It decomposes a proper scoring rule (like the Brier score) into three components:

  1. Uncertainty
    • Measures the inherent difficulty of the prediction task (variance of the true outcomes).
    • High uncertainty = hard to predict (e.g., if events happen about 50% of the time).
  2. Resolution
    • Measures how well the forecast separates different outcome situations.
    • High resolution = model gives different probabilities for different situations (not always the same probability).
  3. Reliability (Calibration)
    • Measures how close predicted probabilities are to the true observed frequencies.
    • A perfectly calibrated model has high reliability.

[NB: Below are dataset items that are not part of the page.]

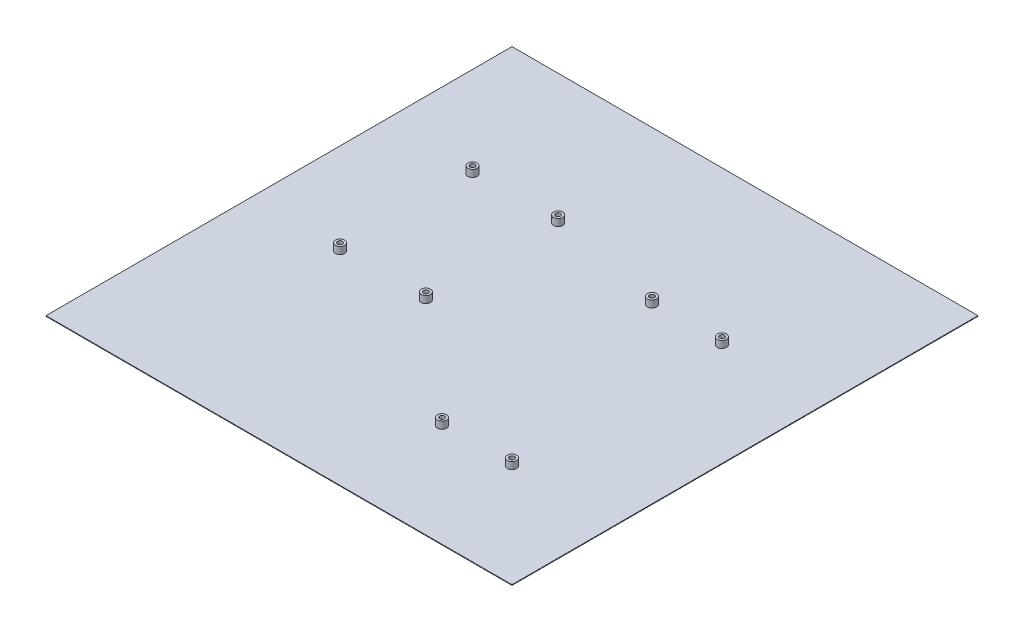
from build123d import *

# Parameters (mm, degrees)
SKETCH1_W           = 333
SKETCH1_H           = 333
BOSS_EXTRUDE1_DEPTH = 0.45
SKETCH7_R           = 3.3
BOSS_EXTRUDE2_DEPTH = 5
SKETCH8_R           = 1.75
CUT_EXTRUDE1_DEPTH  = 4
SKETCH6_R           = 3.3
BOSS_EXTRUDE3_DEPTH = 5
SKETCH10_R          = 1.75
CUT_EXTRUDE2_DEPTH  = 4


with BuildPart() as part:
    # Sketch1 → Boss-Extrude1 (new body)
    with BuildSketch(Plane(origin=(0, 0, 0), x_dir=(1, 0, 0), z_dir=(0, 1, 0))):
        Rectangle(SKETCH1_W, SKETCH1_H)
    extrude(amount=BOSS_EXTRUDE1_DEPTH)

    # Sketch7 → Boss-Extrude2 (add)
    with BuildSketch(Plane(origin=(0, 0.45, 0), x_dir=(1, 0, 0), z_dir=(0, 1, 0))):
        with Locations((-101.944122288, 73.718496611)):
            Circle(SKETCH7_R)
        with Locations((-40.944612394, 73.964266283)):
            Circle(SKETCH7_R)
        with Locations((-40.561856325, -21.03497585)):
            Circle(SKETCH7_R)
        with Locations((-101.561366219, -21.280745522)):
            Circle(SKETCH7_R)
    extrude(amount=BOSS_EXTRUDE2_DEPTH)

    # Sketch8 → Cut-Extrude1 (cut)
    with BuildSketch(Plane(origin=(0, 5.45, 0), x_dir=(1, 0, 0), z_dir=(0, 1, 0))):
        with Locations((-40.561856325, -21.03497585)):
            Circle(SKETCH8_R)
        with Locations((-40.944612394, 73.964266283)):
            Circle(SKETCH8_R)
        with Locations((-101.944122288, 73.718496611)):
            Circle(SKETCH8_R)
        with Locations((-101.561366219, -21.280745522)):
            Circle(SKETCH8_R)
    extrude(amount=-CUT_EXTRUDE1_DEPTH, mode=Mode.SUBTRACT)

    # Sketch6 → Boss-Extrude3 (add)
    with BuildSketch(Plane(origin=(0, 0.45, 0), x_dir=(1, 0, 0), z_dir=(0, 1, 0))):
        with Locations((93, 57)):
            Circle(SKETCH6_R)
        with Locations((43, 57)):
            Circle(SKETCH6_R)
        with Locations((93, -93)):
            Circle(SKETCH6_R)
        with Locations((43, -93)):
            Circle(SKETCH6_R)
    extrude(amount=BOSS_EXTRUDE3_DEPTH)

    # Sketch10 → Cut-Extrude2 (cut)
    with BuildSketch(Plane(origin=(0, 5.45, 0), x_dir=(1, 0, 0), z_dir=(0, 1, 0))):
        with Locations((43, 57)):
            Circle(SKETCH10_R)
        with Locations((93, 57)):
            Circle(SKETCH10_R)
        with Locations((93, -93)):
            Circle(SKETCH10_R)
        with Locations((43, -93)):
            Circle(SKETCH10_R)
    extrude(amount=-CUT_EXTRUDE2_DEPTH, mode=Mode.SUBTRACT)


solid = part.part
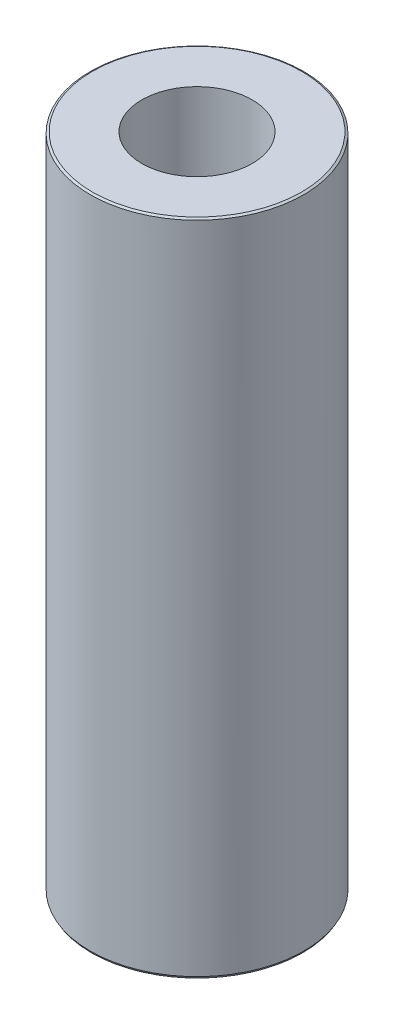
from build123d import *
from OCP.BRepFilletAPI import BRepFilletAPI_MakeChamfer

# Parameters (mm, degrees)
SKETCH1_R           = 20
BOSS_EXTRUDE1_DEPTH = 123.356648218
SKETCH2_R           = 10.344905635
CUT_EXTRUDE1_DEPTH  = 127.557744368
CHAMFER1_SIZE       = 0.231129899
CHAMFER1_SIZE2      = 0.400328729


with BuildPart() as part:
    # Sketch1 → Boss-Extrude1 (new body)
    with BuildSketch(Plane(origin=(0, 0, 0), x_dir=(1, 0, 0), z_dir=(0, 1, 0))):
        Circle(SKETCH1_R)
    extrude(amount=BOSS_EXTRUDE1_DEPTH)

    # Sketch2 → Cut-Extrude1 (cut, through all)
    with BuildSketch(Plane(origin=(0, 0, 0), x_dir=(1, 0, 0), z_dir=(0, 1, 0))):
        Circle(SKETCH2_R)
    extrude(amount=CUT_EXTRUDE1_DEPTH, mode=Mode.SUBTRACT)

    # Chamfer1: one chamfer whose edges measure the first distance from different faces: ONE call of the kernel's chamfer builder (chamfer() names one face for all edges)
    chamfer1_edges_1 = [part.edges().sort_by_distance(p)[0] for p in [
        (-20, 123.356648218, 0),
    ]]
    chamfer1_side_1 = [part.faces().sort_by_distance(p)[0] for p in [
        (-20, 61.678324109, 0),
    ]]
    chamfer1_edges_2 = [part.edges().sort_by_distance(p)[0] for p in [
        (-20, 0, 0),
    ]]
    chamfer1_side_2 = [part.faces().sort_by_distance(p)[0] for p in [
        (-19.434314575, 0, 0),
    ]]
    chamfer1 = BRepFilletAPI_MakeChamfer(part.part.solid().wrapped)
    for e in chamfer1_edges_1:
        chamfer1.Add(CHAMFER1_SIZE, CHAMFER1_SIZE2, e.wrapped, chamfer1_side_1[0].wrapped)  # the first distance lies on this face
    for e in chamfer1_edges_2:
        chamfer1.Add(CHAMFER1_SIZE, CHAMFER1_SIZE2, e.wrapped, chamfer1_side_2[0].wrapped)  # the first distance lies on this face
    add(Compound.cast(chamfer1.Shape()), mode=Mode.REPLACE)


solid = part.part
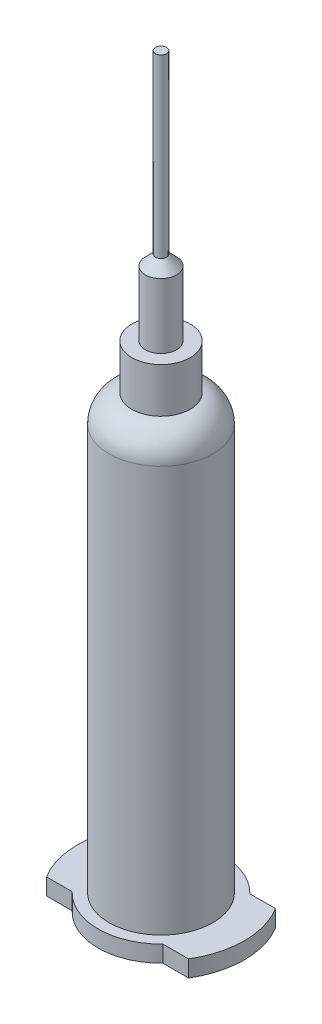
from build123d import *

# Parameters (mm, degrees)
FILLET1_R          = 5
CUT_EXTRUDE1_START = -3
CUT_EXTRUDE1_DEPTH = 3
SKETCH4_R          = 7.925
CUT_EXTRUDE2_DEPTH = 20


with BuildPart() as part:
    # Sketch2 → Revolve1 (revolve)
    with BuildSketch(Plane.XY, mode=Mode.PRIVATE) as revolve1_sk:
        Polygon((15.075, -67.5), (0, -67.5), (0, 67.5), (1, 67.5), (1, 35.6), (2.825, 33.749724479), (2.825, 22), (5.275, 22), (5.275, 13.9), (9.4, 13.9), (9.4, -64.5), (15.075, -64.5), align=None)
    revolve(revolve1_sk.sketch.rotate(Axis((0, 24.52235385, 0), (0, -1, 0)), 90), axis=Axis((0, 24.52235385, 0), (0, -1, 0)))

    # Fillet1
    # the kernel refuses this fillet: 5 mm, written as the material it takes off along each edge
    with BuildSketch(Plane(origin=(0, 13.9, 0), x_dir=(0, 0, 1), z_dir=(1, 0, 0))) as fillet1_piece_1:
        with BuildLine():
            CenterArc((4.4, 4.922842167), FILLET1_R, 280.078658108, 79.921341892)
            Line((9.4, 4.922842167), (9.5, 4.922842167))
            Line((9.5, 4.922842167), (9.5, 0))
            Line((9.5, 0), (9.4, -0.1))
            ThreePointArc((9.4, -0.1), (7.3375, -0.1), (5.2925, -0.098456843))
            Line((5.2925, -0.098456843), (5.275, 0))
        make_face()
    revolve(axis=Axis((0, 13.9, 0), (0, -1, 0)), mode=Mode.SUBTRACT)

    # Sketch3 → Cut-Extrude1 (cut)
    with BuildSketch(Plane(origin=(0, -64.5, 0), x_dir=(1, 0, 0), z_dir=(0, 1, 0)).offset(CUT_EXTRUDE1_START)):
        with BuildLine():
            Line((-12.854571171, 7.875), (-8.20822758, 7.875))
            ThreePointArc((-8.20822758, 7.875), (0, 11.375), (8.20822758, 7.875))
            Line((8.20822758, 7.875), (12.854571171, 7.875))
            ThreePointArc((12.854571171, 7.875), (0, 15.075), (-12.854571171, 7.875))
        make_face()
        with BuildLine():
            Line((-12.854571171, -7.875), (-8.20822758, -7.875))
            ThreePointArc((-8.20822758, -7.875), (0, -11.375), (8.20822758, -7.875))
            Line((8.20822758, -7.875), (12.854571171, -7.875))
            ThreePointArc((12.854571171, -7.875), (0, -15.075), (-12.854571171, -7.875))
        make_face()
    extrude(amount=CUT_EXTRUDE1_DEPTH, mode=Mode.SUBTRACT)

    # Sketch4 → Cut-Extrude2 (cut)
    with BuildSketch(Plane.XZ.offset(67.5)):
        with Locations(Location((0, 0, 0), (0, 0, 270))):
            Circle(SKETCH4_R)
    extrude(amount=-CUT_EXTRUDE2_DEPTH, mode=Mode.SUBTRACT)


solid = part.part

Formula (for the Brier Score)

The Brier Score (BS) can be decomposed as:

$BS = \text{Uncertainty} – \text{Resolution} + \text{Reliability}$

  • Uncertainty = variance of actual outcomes
  • Resolution = how much forecasts differ across subsets of data
  • Reliability = calibration error

Example in ML

Suppose you train a binary classifier:

  • Model predicts 0.7 probability of “rain” on 100 days → it should rain ~70 days (calibration).
  • If model predicts always 0.5 → resolution is low.
  • If actual rain frequency is 50%, uncertainty is high (hard task).

Murphy’s decomposition lets you understand whether poor performance comes from:

  • the task being uncertain,
  • the model not distinguishing cases (low resolution),
  • or the model being miscalibrated (low reliability).

So in short:
Murphy’s decomposition = a way to break down forecast error into calibration (reliability), sharpness (resolution), and task difficulty (uncertainty).